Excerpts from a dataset

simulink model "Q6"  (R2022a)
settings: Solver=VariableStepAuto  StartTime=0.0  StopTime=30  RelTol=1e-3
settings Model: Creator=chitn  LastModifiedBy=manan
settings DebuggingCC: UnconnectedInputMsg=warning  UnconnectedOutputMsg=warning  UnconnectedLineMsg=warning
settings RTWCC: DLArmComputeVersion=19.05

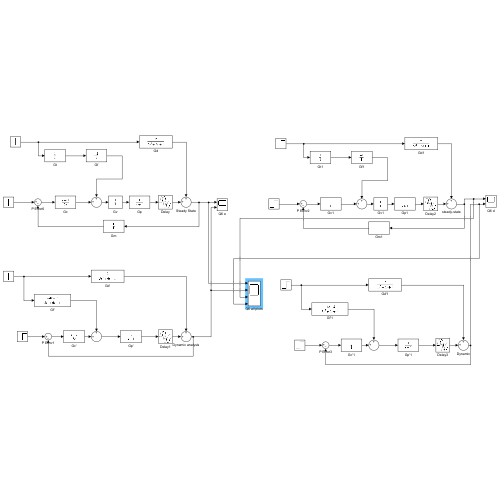
[thumbnail: Simulink's stored preview of the top-level diagram]
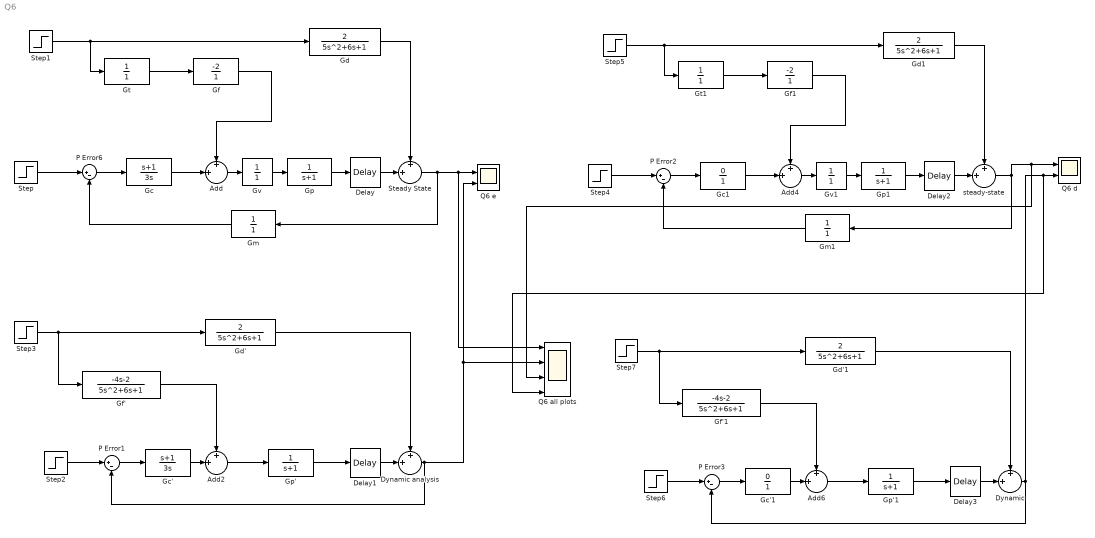
== system Q6 ==
  Add{,2,4,6} (4 alike) : Sum  Inputs=+|+||
  Delay{,1..3} (4 alike) : TransportDelay
  Dynamic : Sum  Inputs=+|+||
  Dynamic analysis : Sum  Inputs=+|+||
  Gc : TransferFcn  Numerator=[1 1]  Denominator=[3 0]
  Gc' : TransferFcn  Numerator=[1 1]  Denominator=[3 0]
  Gc'1 : TransferFcn  Numerator=0  Denominator=1
  Gc1 : TransferFcn  Numerator=0  Denominator=1
  Gd : TransferFcn  Numerator=2  Denominator=[5 6 1]
  Gd' : TransferFcn  Numerator=2  Denominator=[5 6 1]
  Gd'1 : TransferFcn  Numerator=2  Denominator=[5 6 1]
  Gd1 : TransferFcn  Numerator=2  Denominator=[5 6 1]
  Gf : TransferFcn  Numerator=[-2]  Denominator=[1]
  Gf' : TransferFcn  Numerator=[-4 -2]  Denominator=[5 6 1]
  Gf'1 : TransferFcn  Numerator=[-4 -2]  Denominator=[5 6 1]
  Gf1 : TransferFcn  Numerator=[-2]  Denominator=[1]
  Gm : TransferFcn  Numerator=1  Denominator=1
  Gm1 : TransferFcn  Numerator=1  Denominator=1
  Gp : TransferFcn  Denominator=[1 1]
  Gp' : TransferFcn  Denominator=[1 1]
  Gp'1 : TransferFcn  Denominator=[1 1]
  Gp1 : TransferFcn  Denominator=[1 1]
  Gt : TransferFcn  Numerator=1  Denominator=1
  Gt1 : TransferFcn  Numerator=1  Denominator=1
  Gv : TransferFcn  Numerator=1  Denominator=1
  Gv1 : TransferFcn  Numerator=1  Denominator=1
  P Error{1..3,6} (4 alike) : Sum  Inputs=|+-
  Q6 all plots : Scope  NumInputPorts=4
  Q6 d : Scope  NumInputPorts=2
  Q6 e : Scope  NumInputPorts=2
  Steady State : Sum  Inputs=+|+||
  Step{,1..7} (8 alike) : Step  SampleTime=0
  steady-state : Sum  Inputs=+|+||
  wires:
  Step1/1 -> Gd/1, Gt/1
  Step/1 -> P Error6/1
  P Error6/1 -> Gc/1
  Add/1 -> Gv/1
  Gp/1 -> Delay/1
  Gf/1 -> Add/1
  Steady State/1 -> Gm/1, Q6 all plots/1, Q6 e/1
  Delay/1 -> Steady State/2
  Step2/1 -> P Error1/1
  Delay1/1 -> Dynamic analysis/2
  Step3/1 -> Gf'/1, Gd'/1
  Gd'/1 -> Dynamic analysis/1
  Gp'/1 -> Delay1/1
  P Error1/1 -> Gc'/1
  Add2/1 -> Gp'/1
  Gf'/1 -> Add2/1
  Dynamic analysis/1 -> P Error1/2, Q6 e/2, Q6 all plots/2
  Gc'/1 -> Add2/2
  Gc/1 -> Add/2
  Gd/1 -> Steady State/1
  Gt/1 -> Gf/1
  Gm/1 -> P Error6/2
  Gv/1 -> Gp/1
  Gv1/1 -> Gp1/1
  Gt1/1 -> Gf1/1
  Gc1/1 -> Add4/2
  Step4/1 -> P Error2/1
  Delay2/1 -> steady-state/2
  P Error2/1 -> Gc1/1
  Add4/1 -> Gv1/1
  steady-state/1 -> Q6 all plots/3, Q6 d/1, Gm1/1
  Gf1/1 -> Add4/1
  Gp1/1 -> Delay2/1
  Step5/1 -> Gd1/1, Gt1/1
  Gd1/1 -> steady-state/1
  Gm1/1 -> P Error2/2
  Gc'1/1 -> Add6/2
  Dynamic/1 -> Q6 all plots/4, Q6 d/2, P Error3/2
  Step7/1 -> Gf'1/1, Gd'1/1
  Gp'1/1 -> Delay3/1
  Gf'1/1 -> Add6/1
  Add6/1 -> Gp'1/1
  Step6/1 -> P Error3/1
  P Error3/1 -> Gc'1/1
  Gd'1/1 -> Dynamic/1
  Delay3/1 -> Dynamic/2

(What to work on) Every entry above needs to be duplicated precisely, and none of the pictures should appear.

(Reply)
simulink model "Q6"  (R2022a)
settings: Solver=VariableStepAuto  StartTime=0.0  StopTime=30  RelTol=1e-3
settings Model: Creator=chitn  LastModifiedBy=manan
settings DebuggingCC: UnconnectedInputMsg=warning  UnconnectedOutputMsg=warning  UnconnectedLineMsg=warning
settings RTWCC: DLArmComputeVersion=19.05

[thumbnail: Simulink's stored preview of the top-level diagram]
== system Q6 ==
  Add{,2,4,6} (4 alike) : Sum  Inputs=+|+||
  Delay{,1..3} (4 alike) : TransportDelay
  Dynamic : Sum  Inputs=+|+||
  Dynamic analysis : Sum  Inputs=+|+||
  Gc : TransferFcn  Numerator=[1 1]  Denominator=[3 0]
  Gc' : TransferFcn  Numerator=[1 1]  Denominator=[3 0]
  Gc'1 : TransferFcn  Numerator=0  Denominator=1
  Gc1 : TransferFcn  Numerator=0  Denominator=1
  Gd : TransferFcn  Numerator=2  Denominator=[5 6 1]
  Gd' : TransferFcn  Numerator=2  Denominator=[5 6 1]
  Gd'1 : TransferFcn  Numerator=2  Denominator=[5 6 1]
  Gd1 : TransferFcn  Numerator=2  Denominator=[5 6 1]
  Gf : TransferFcn  Numerator=[-2]  Denominator=[1]
  Gf' : TransferFcn  Numerator=[-4 -2]  Denominator=[5 6 1]
  Gf'1 : TransferFcn  Numerator=[-4 -2]  Denominator=[5 6 1]
  Gf1 : TransferFcn  Numerator=[-2]  Denominator=[1]
  Gm : TransferFcn  Numerator=1  Denominator=1
  Gm1 : TransferFcn  Numerator=1  Denominator=1
  Gp : TransferFcn  Denominator=[1 1]
  Gp' : TransferFcn  Denominator=[1 1]
  Gp'1 : TransferFcn  Denominator=[1 1]
  Gp1 : TransferFcn  Denominator=[1 1]
  Gt : TransferFcn  Numerator=1  Denominator=1
  Gt1 : TransferFcn  Numerator=1  Denominator=1
  Gv : TransferFcn  Numerator=1  Denominator=1
  Gv1 : TransferFcn  Numerator=1  Denominator=1
  P Error{1..3,6} (4 alike) : Sum  Inputs=|+-
  Q6 all plots : Scope  NumInputPorts=4
  Q6 d : Scope  NumInputPorts=2
  Q6 e : Scope  NumInputPorts=2
  Steady State : Sum  Inputs=+|+||
  Step{,1..7} (8 alike) : Step  SampleTime=0
  steady-state : Sum  Inputs=+|+||
  wires:
  Step1/1 -> Gd/1, Gt/1
  Step/1 -> P Error6/1
  P Error6/1 -> Gc/1
  Add/1 -> Gv/1
  Gp/1 -> Delay/1
  Gf/1 -> Add/1
  Steady State/1 -> Gm/1, Q6 all plots/1, Q6 e/1
  Delay/1 -> Steady State/2
  Step2/1 -> P Error1/1
  Delay1/1 -> Dynamic analysis/2
  Step3/1 -> Gf'/1, Gd'/1
  Gd'/1 -> Dynamic analysis/1
  Gp'/1 -> Delay1/1
  P Error1/1 -> Gc'/1
  Add2/1 -> Gp'/1
  Gf'/1 -> Add2/1
  Dynamic analysis/1 -> P Error1/2, Q6 e/2, Q6 all plots/2
  Gc'/1 -> Add2/2
  Gc/1 -> Add/2
  Gd/1 -> Steady State/1
  Gt/1 -> Gf/1
  Gm/1 -> P Error6/2
  Gv/1 -> Gp/1
  Gv1/1 -> Gp1/1
  Gt1/1 -> Gf1/1
  Gc1/1 -> Add4/2
  Step4/1 -> P Error2/1
  Delay2/1 -> steady-state/2
  P Error2/1 -> Gc1/1
  Add4/1 -> Gv1/1
  steady-state/1 -> Q6 all plots/3, Q6 d/1, Gm1/1
  Gf1/1 -> Add4/1
  Gp1/1 -> Delay2/1
  Step5/1 -> Gd1/1, Gt1/1
  Gd1/1 -> steady-state/1
  Gm1/1 -> P Error2/2
  Gc'1/1 -> Add6/2
  Dynamic/1 -> Q6 all plots/4, Q6 d/2, P Error3/2
  Step7/1 -> Gf'1/1, Gd'1/1
  Gp'1/1 -> Delay3/1
  Gf'1/1 -> Add6/1
  Add6/1 -> Gp'1/1
  Step6/1 -> P Error3/1
  P Error3/1 -> Gc'1/1
  Gd'1/1 -> Dynamic/1
  Delay3/1 -> Dynamic/2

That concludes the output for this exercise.